_PROBLEM TO SOLVE_
Print exactly the lines that run from the one containing "Random Number/1 -> Noise ON/OFF/2" to the final line of the data, both included, and print none of the pictures.

=== PROVIDED RECORDS ===

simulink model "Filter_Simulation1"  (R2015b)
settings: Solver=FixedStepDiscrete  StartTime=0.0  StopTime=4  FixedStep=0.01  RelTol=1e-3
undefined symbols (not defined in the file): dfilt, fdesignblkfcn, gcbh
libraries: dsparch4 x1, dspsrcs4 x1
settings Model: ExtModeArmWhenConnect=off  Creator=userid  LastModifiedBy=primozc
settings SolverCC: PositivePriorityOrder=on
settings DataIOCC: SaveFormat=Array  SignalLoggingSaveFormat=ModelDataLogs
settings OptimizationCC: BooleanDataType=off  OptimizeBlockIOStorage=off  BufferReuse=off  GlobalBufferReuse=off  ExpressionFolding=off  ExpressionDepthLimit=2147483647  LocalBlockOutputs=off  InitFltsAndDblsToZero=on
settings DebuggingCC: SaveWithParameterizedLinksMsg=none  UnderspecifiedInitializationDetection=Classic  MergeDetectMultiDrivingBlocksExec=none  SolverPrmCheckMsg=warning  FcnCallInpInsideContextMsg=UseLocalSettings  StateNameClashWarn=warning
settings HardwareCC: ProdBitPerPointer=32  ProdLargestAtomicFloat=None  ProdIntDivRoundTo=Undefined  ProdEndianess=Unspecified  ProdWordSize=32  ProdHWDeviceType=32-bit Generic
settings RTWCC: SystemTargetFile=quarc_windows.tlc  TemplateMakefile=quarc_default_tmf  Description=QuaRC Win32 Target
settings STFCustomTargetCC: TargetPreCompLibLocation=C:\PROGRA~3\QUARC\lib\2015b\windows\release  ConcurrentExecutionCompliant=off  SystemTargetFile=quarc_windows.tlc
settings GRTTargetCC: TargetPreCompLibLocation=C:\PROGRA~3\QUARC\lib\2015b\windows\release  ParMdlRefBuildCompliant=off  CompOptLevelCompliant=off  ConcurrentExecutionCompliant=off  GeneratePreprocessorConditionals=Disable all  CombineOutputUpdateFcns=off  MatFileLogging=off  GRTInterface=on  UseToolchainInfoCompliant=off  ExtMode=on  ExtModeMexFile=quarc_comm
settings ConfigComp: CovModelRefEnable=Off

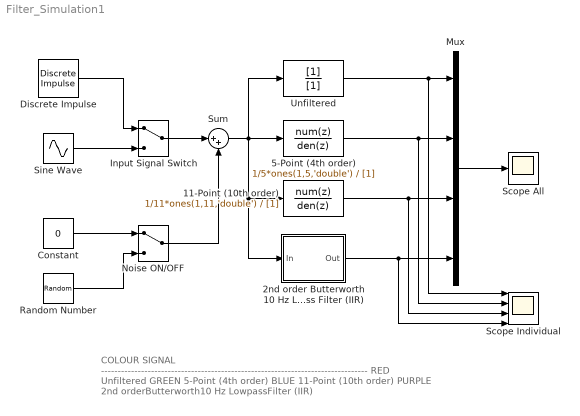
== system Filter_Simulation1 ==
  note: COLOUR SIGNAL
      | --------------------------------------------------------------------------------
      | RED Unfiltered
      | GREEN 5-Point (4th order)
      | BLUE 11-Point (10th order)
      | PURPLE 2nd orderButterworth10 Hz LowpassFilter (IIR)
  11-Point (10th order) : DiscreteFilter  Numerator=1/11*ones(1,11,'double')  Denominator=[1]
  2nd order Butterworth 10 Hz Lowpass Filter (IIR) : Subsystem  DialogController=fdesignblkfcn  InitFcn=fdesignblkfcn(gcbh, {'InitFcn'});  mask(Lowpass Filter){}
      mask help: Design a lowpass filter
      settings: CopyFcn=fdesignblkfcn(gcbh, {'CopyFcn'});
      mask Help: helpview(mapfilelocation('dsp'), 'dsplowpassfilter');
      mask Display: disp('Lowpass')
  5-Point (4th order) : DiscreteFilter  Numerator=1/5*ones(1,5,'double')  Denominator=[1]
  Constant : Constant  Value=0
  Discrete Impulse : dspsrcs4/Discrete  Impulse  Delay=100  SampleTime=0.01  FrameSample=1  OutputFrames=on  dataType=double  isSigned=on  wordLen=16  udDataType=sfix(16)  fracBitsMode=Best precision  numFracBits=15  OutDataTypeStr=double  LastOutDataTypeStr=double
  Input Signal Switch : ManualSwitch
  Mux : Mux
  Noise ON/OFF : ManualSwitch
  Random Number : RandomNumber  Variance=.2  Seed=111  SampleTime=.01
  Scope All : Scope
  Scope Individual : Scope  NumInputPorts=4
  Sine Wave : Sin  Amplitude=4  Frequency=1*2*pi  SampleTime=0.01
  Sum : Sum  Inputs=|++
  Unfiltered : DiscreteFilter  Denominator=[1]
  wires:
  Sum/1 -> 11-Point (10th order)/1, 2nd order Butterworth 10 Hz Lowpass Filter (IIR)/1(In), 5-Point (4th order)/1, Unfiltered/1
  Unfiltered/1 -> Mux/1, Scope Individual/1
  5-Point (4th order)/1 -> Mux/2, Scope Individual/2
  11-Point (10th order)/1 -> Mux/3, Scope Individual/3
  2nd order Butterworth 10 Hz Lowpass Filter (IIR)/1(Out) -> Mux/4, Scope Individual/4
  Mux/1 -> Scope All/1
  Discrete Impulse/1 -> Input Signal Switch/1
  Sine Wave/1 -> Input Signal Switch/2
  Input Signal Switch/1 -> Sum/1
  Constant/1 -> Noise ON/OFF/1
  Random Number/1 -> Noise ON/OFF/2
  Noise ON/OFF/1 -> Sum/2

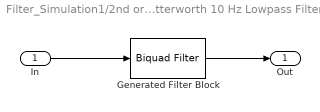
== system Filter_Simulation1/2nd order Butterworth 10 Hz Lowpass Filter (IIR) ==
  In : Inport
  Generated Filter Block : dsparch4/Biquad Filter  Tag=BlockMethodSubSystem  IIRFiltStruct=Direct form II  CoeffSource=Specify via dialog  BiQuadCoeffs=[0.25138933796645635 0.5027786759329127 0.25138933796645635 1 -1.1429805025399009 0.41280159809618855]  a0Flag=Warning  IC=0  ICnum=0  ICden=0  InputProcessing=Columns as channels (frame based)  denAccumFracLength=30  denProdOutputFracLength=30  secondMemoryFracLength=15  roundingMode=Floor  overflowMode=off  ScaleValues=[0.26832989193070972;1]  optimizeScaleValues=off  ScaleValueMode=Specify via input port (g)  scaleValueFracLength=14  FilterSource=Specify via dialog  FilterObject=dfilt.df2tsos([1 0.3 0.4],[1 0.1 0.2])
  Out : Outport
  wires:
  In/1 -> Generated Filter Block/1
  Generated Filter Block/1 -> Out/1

===

_EXERCISE RESPONSE_
  Random Number/1 -> Noise ON/OFF/2
  Noise ON/OFF/1 -> Sum/2

== system Filter_Simulation1/2nd order Butterworth 10 Hz Lowpass Filter (IIR) ==
  In : Inport
  Generated Filter Block : dsparch4/Biquad Filter  Tag=BlockMethodSubSystem  IIRFiltStruct=Direct form II  CoeffSource=Specify via dialog  BiQuadCoeffs=[0.25138933796645635 0.5027786759329127 0.25138933796645635 1 -1.1429805025399009 0.41280159809618855]  a0Flag=Warning  IC=0  ICnum=0  ICden=0  InputProcessing=Columns as channels (frame based)  denAccumFracLength=30  denProdOutputFracLength=30  secondMemoryFracLength=15  roundingMode=Floor  overflowMode=off  ScaleValues=[0.26832989193070972;1]  optimizeScaleValues=off  ScaleValueMode=Specify via input port (g)  scaleValueFracLength=14  FilterSource=Specify via dialog  FilterObject=dfilt.df2tsos([1 0.3 0.4],[1 0.1 0.2])
  Out : Outport
  wires:
  In/1 -> Generated Filter Block/1
  Generated Filter Block/1 -> Out/1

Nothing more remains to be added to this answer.